Antonin Scalia, Associate Justice of the US Supreme Court, spoke to a group at the Woodrow Wilson International Center for Scholars. Jeffrey King transcribed the speech from tape, a diligence I certainly appreciate. And I have added his blog to my list.
Scalia calls himself an “originalist” rather than a “strict constructionist”, and I think that term fits much better. And he explains why he defines the two differently.
More important, he talks about what the Constitution is really about, and how we ended up where we are today with the Senate.
I think the very terminology suggests where we have arrived: at the point of selecting people to write a constitution, rather than people to give us the fair meaning of one that has been democratically adopted. And when that happens, when the Senate interrogates nominees to the Supreme Court, or to the lower courts, you know, “Judge so and so, do you think there is a right to this in the Constitution? You don’t?! Well my constituents’ think there ought to be, and I’m not going to appoint to the court someone who is not going to find that.” When we are in that mode, you realize, we have rendered the Constitution useless, because the Constitution will mean what the majority wants it to mean. The senators are representing the majority. And they will be selecting justices who will devise a constitution that the majority wants.
And that of course, deprives the Constitution of its principle utility. The Bill of Rights is devised to protect you and me against, who do you think? The majority. My most important function on the Supreme Court is to tell the majority to take a walk. And the notion that the justices ought to be selected because of the positions that they will take that are favored by the majority is a recipe for destruction of what we have had for two-hundred years.
He summed up the issue quite well, thank you.
It is precisely the point to be made. If you don’t like something, get the laws changed. Don’t go to court. The courts are supposed to be there to protect your rights, not to impose your desires on others. And if the majority impose their beliefs on you through law that infringes on your rights as guaranteed by the Constitution, the courts are supposed to strike down those laws.

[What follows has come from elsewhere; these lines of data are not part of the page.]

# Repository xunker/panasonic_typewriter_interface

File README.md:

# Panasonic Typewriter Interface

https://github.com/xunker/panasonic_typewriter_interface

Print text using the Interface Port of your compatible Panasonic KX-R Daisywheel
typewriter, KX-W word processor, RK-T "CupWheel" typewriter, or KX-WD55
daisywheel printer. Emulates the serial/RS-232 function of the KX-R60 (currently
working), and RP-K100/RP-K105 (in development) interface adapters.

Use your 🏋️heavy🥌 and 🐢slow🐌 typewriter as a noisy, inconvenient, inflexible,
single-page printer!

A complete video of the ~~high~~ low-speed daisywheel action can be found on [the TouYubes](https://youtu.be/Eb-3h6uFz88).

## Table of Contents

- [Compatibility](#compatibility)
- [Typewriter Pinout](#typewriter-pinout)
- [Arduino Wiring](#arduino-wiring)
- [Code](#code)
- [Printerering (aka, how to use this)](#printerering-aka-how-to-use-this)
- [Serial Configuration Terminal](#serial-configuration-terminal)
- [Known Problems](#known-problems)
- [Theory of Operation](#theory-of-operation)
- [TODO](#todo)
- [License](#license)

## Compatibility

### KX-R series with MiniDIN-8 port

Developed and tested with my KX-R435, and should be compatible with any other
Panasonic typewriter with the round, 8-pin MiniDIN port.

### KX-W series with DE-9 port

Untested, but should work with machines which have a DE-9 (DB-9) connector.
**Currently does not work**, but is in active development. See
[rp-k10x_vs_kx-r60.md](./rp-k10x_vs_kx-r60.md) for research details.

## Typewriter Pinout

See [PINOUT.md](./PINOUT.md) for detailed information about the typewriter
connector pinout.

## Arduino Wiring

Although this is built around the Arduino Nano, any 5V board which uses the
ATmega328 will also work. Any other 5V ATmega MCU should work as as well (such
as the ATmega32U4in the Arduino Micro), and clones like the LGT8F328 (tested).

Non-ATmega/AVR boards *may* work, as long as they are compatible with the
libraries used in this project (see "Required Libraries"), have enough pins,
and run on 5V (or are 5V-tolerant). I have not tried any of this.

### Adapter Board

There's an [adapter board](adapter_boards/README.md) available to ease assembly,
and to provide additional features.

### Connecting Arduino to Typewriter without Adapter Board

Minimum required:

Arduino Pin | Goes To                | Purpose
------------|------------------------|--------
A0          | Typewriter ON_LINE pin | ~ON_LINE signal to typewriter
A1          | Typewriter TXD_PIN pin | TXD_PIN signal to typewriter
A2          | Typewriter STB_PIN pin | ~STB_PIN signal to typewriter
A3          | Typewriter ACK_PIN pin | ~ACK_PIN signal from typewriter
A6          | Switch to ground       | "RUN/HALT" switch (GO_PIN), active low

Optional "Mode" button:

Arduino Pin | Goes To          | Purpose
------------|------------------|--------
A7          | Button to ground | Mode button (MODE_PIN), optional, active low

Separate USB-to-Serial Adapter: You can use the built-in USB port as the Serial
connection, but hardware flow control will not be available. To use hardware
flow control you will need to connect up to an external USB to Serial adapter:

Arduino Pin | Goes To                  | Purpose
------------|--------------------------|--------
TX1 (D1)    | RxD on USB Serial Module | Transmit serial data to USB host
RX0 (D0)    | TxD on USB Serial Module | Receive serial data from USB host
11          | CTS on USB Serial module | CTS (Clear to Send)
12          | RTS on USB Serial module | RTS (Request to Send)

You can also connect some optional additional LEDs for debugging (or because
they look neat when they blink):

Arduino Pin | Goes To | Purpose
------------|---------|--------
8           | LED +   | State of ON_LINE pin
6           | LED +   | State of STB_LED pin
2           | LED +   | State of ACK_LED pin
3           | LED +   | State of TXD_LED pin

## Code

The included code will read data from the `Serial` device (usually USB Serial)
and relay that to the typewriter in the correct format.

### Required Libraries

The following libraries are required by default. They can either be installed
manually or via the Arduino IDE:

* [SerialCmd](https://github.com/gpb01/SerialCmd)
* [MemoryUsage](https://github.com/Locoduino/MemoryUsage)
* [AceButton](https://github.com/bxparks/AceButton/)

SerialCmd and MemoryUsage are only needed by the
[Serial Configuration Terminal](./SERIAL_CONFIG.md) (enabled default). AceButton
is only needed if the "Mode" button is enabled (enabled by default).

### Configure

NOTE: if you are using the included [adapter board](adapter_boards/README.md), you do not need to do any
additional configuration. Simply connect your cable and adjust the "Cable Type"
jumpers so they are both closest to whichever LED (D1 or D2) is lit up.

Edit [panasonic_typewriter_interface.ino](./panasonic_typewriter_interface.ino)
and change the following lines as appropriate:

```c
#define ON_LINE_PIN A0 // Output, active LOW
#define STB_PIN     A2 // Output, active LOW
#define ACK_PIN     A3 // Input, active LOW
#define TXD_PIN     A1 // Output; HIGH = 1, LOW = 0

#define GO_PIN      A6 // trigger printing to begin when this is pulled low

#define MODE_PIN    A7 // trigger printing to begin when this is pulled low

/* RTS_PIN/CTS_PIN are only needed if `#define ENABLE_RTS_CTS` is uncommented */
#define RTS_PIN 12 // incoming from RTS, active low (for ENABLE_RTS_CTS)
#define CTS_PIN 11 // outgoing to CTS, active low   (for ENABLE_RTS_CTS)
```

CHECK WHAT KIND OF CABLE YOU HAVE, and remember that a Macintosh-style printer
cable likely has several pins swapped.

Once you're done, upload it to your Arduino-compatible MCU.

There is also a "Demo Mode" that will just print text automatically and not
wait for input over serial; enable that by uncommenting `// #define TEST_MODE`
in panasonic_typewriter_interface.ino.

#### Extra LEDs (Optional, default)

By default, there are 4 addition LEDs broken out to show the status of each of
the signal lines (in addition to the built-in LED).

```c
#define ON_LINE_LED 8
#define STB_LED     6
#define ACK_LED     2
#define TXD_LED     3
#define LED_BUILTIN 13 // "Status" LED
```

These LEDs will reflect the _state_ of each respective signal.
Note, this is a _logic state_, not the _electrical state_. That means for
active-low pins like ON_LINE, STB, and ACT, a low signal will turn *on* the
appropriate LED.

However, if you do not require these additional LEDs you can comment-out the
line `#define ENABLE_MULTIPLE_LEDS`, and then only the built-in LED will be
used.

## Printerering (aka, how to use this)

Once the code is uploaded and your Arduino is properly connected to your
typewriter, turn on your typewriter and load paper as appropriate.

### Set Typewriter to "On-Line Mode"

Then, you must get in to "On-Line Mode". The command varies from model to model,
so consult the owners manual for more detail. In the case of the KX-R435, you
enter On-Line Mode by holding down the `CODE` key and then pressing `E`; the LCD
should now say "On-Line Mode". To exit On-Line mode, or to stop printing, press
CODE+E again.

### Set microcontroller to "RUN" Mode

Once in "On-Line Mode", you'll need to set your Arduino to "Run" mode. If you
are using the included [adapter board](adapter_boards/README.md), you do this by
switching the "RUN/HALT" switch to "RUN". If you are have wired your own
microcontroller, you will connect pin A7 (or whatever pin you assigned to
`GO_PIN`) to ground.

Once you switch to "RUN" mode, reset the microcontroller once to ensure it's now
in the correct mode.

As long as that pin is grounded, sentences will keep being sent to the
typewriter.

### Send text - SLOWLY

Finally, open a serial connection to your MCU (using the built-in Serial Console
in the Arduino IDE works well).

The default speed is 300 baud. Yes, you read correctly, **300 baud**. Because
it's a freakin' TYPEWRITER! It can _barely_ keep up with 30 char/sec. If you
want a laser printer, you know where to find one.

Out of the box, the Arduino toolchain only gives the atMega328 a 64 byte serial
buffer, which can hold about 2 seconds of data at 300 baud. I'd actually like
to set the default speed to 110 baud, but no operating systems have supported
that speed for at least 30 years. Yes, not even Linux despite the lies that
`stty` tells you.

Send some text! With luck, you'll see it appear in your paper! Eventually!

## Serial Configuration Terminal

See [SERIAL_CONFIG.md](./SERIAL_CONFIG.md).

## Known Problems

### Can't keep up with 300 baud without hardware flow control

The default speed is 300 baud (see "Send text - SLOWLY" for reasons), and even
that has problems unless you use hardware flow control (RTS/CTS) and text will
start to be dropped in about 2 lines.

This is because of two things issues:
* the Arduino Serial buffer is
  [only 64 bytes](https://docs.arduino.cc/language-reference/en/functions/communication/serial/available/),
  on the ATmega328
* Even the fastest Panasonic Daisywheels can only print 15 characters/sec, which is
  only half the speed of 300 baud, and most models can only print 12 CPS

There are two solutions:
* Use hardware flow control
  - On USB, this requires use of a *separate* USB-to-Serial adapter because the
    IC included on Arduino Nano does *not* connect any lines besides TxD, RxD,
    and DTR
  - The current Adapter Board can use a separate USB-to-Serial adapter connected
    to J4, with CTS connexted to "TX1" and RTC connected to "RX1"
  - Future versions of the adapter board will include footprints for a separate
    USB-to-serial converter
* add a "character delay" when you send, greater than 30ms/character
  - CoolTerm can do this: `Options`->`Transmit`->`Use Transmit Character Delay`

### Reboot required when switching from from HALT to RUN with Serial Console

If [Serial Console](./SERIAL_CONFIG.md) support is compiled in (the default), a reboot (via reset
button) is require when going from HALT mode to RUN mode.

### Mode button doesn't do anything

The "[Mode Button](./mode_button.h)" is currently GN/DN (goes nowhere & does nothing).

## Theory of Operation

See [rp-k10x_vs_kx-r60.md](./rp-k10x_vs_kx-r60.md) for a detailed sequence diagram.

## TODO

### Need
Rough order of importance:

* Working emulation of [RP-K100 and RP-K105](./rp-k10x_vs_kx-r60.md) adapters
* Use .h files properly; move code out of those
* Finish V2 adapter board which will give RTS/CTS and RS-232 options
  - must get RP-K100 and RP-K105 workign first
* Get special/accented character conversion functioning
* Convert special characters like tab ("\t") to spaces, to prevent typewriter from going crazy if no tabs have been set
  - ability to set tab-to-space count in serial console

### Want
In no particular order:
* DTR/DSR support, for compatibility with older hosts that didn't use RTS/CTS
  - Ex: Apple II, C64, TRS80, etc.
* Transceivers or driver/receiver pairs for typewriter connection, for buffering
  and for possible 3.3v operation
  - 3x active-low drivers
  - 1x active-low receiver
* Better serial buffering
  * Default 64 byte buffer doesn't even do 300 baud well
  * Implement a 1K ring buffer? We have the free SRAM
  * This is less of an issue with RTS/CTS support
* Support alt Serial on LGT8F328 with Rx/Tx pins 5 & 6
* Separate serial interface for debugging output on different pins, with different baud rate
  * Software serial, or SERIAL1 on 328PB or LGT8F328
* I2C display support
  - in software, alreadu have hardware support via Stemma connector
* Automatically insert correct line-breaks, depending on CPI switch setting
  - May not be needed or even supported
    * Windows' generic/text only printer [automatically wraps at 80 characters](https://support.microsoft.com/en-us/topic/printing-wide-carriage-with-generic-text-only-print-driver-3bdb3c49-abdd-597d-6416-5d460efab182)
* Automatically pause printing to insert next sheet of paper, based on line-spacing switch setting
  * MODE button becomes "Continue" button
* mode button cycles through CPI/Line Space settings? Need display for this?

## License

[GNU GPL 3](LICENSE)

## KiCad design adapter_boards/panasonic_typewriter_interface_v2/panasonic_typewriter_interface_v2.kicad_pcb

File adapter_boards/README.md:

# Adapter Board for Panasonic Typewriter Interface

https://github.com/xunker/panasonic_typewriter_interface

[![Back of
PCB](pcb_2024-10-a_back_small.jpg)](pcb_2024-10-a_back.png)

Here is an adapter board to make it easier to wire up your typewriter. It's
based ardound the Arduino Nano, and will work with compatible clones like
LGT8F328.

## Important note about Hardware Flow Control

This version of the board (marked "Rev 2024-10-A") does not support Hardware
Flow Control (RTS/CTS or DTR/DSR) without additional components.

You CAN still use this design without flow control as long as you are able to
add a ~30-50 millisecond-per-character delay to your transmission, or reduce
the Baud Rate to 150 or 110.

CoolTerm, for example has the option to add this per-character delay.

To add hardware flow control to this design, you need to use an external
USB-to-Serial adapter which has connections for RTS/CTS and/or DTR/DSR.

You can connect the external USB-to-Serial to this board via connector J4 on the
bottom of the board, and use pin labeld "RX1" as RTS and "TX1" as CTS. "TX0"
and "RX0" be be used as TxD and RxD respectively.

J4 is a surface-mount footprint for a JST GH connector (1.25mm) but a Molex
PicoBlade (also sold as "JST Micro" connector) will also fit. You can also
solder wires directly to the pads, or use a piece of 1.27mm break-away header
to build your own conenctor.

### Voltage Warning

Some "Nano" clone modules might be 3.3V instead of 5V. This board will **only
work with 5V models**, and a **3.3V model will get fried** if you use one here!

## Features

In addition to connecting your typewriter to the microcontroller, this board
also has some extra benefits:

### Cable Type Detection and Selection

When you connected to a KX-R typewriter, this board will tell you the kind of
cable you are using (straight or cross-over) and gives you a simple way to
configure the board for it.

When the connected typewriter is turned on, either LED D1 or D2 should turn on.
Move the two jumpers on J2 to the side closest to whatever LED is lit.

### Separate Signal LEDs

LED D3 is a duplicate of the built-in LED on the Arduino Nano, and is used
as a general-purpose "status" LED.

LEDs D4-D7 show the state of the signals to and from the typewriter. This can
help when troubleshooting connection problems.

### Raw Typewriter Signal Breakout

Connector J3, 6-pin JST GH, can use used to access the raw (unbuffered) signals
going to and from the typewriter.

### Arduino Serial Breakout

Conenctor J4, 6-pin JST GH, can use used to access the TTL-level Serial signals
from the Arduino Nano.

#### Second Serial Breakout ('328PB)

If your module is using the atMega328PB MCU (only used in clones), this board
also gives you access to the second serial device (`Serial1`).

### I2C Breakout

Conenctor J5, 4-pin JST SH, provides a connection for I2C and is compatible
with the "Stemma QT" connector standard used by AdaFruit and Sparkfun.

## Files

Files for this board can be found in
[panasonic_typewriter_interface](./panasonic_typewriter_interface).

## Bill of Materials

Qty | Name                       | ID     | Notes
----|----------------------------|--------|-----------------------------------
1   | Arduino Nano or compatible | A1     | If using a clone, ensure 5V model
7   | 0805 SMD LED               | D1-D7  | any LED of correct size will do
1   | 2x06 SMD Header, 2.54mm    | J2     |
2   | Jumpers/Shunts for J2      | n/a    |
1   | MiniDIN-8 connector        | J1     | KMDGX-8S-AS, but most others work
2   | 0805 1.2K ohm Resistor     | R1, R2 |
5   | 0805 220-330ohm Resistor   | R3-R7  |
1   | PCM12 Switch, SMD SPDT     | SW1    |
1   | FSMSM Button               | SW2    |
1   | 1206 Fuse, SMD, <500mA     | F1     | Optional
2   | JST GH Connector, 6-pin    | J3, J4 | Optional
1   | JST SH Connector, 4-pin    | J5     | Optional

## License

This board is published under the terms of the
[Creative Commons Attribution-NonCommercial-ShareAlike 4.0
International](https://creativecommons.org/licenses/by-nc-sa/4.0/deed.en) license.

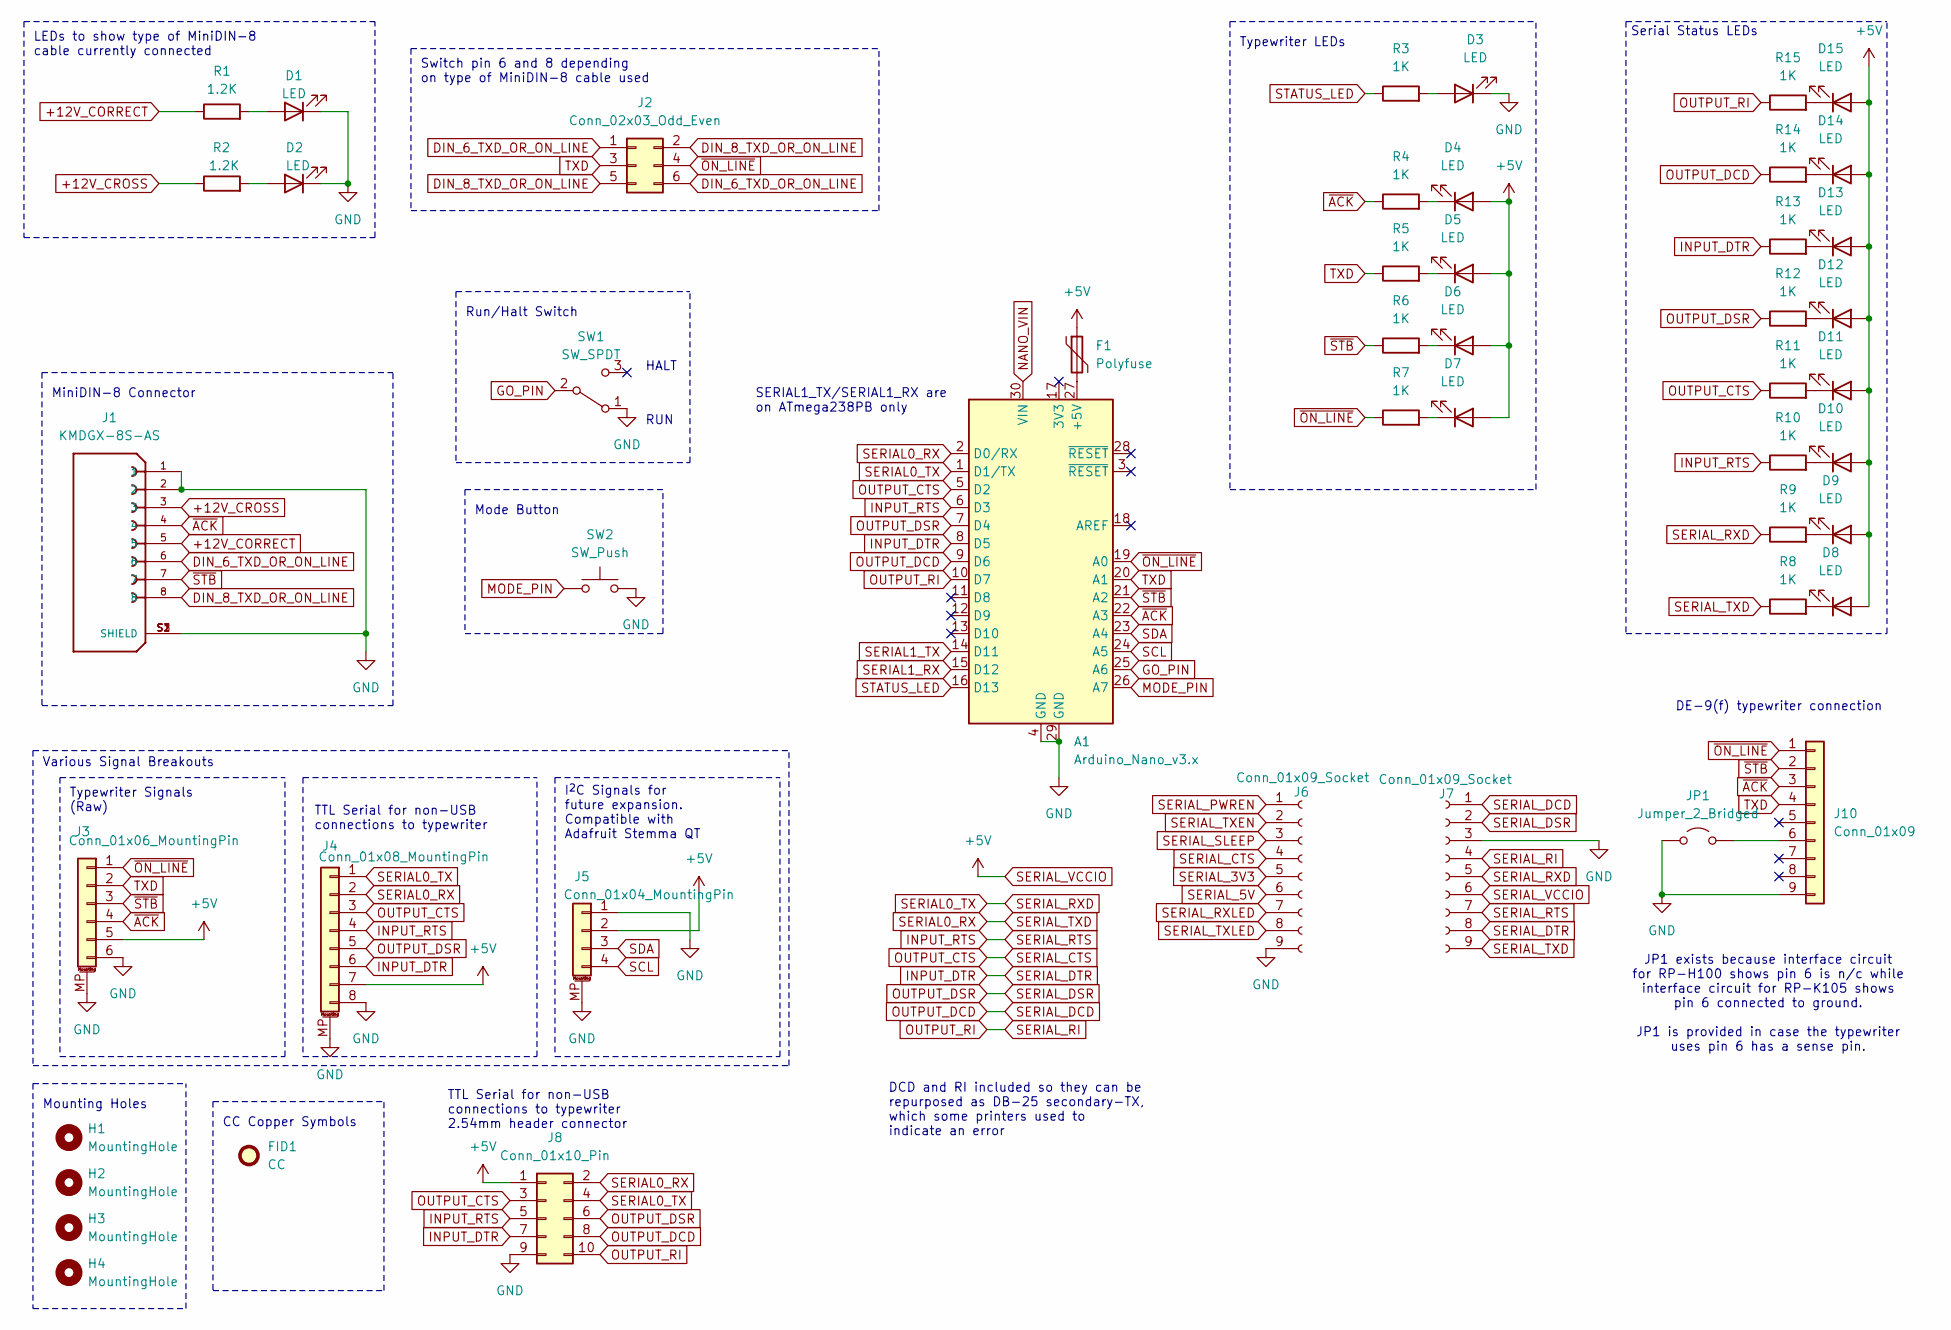
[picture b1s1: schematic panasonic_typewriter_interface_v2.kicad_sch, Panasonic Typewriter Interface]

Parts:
A1: Arduino_Nano_v3.x; Arduino_Nano
D1, D2, D3, D4, D5, D6, D7, D8, D9, D10, D11, D12, D13, D14, D15: LED; LED_0805_2012Metric
F1: Polyfuse; Fuse_1206_3216Metric
FID1: CC; Symbol_CreativeCommons_CopperTop_Type2_Small
H1, H2, H3, H4: MountingHole; MountingHole_2.2mm_M2_DIN965
J1: KMDGX-8S-AS; KYCON_KMDGX-8S-AS; PARTREV C6
J2: Conn_02x03_Odd_Even; PinHeader_2x03_P2.54mm_Vertical_SMD
J3: Conn_01x06_MountingPin; Molex_PicoBlade_53261-0671_1x06-1MP_P1.25mm_Horizontal
J4: Conn_01x08_MountingPin; Molex_PicoBlade_53261-0871_1x08-1MP_P1.25mm_Horizontal
J5: Conn_01x04_MountingPin; JST_SH_SM04B-SRSS-TB_1x04-1MP_P1.00mm_Horizontal
J6, J7: Conn_01x09_Socket; PinSocket_1x09_P2.54mm_Vertical
J8: Conn_01x10_Pin; PinHeader_2x05_P2.54mm_Vertical
J10: Conn_01x09; DSUB-9_Female_EdgeMount_P2.77mm
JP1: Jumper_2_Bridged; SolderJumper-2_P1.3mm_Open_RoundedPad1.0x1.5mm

It’s really a pretty simple concept.
The crux of all issues in the Senate at this time is abortion. The Democratic Party holds this issue as their most important rallying point. They will accept no nominee to the Supreme Court who is unwilling to state they will protect Roe v. Wade without question. And right now, they are unwilling to allow Dubya to put anyone onto the Court unless they are “moderate.” Read Scalia’s speech and see how he destroys the entire concept of “moderate judges.”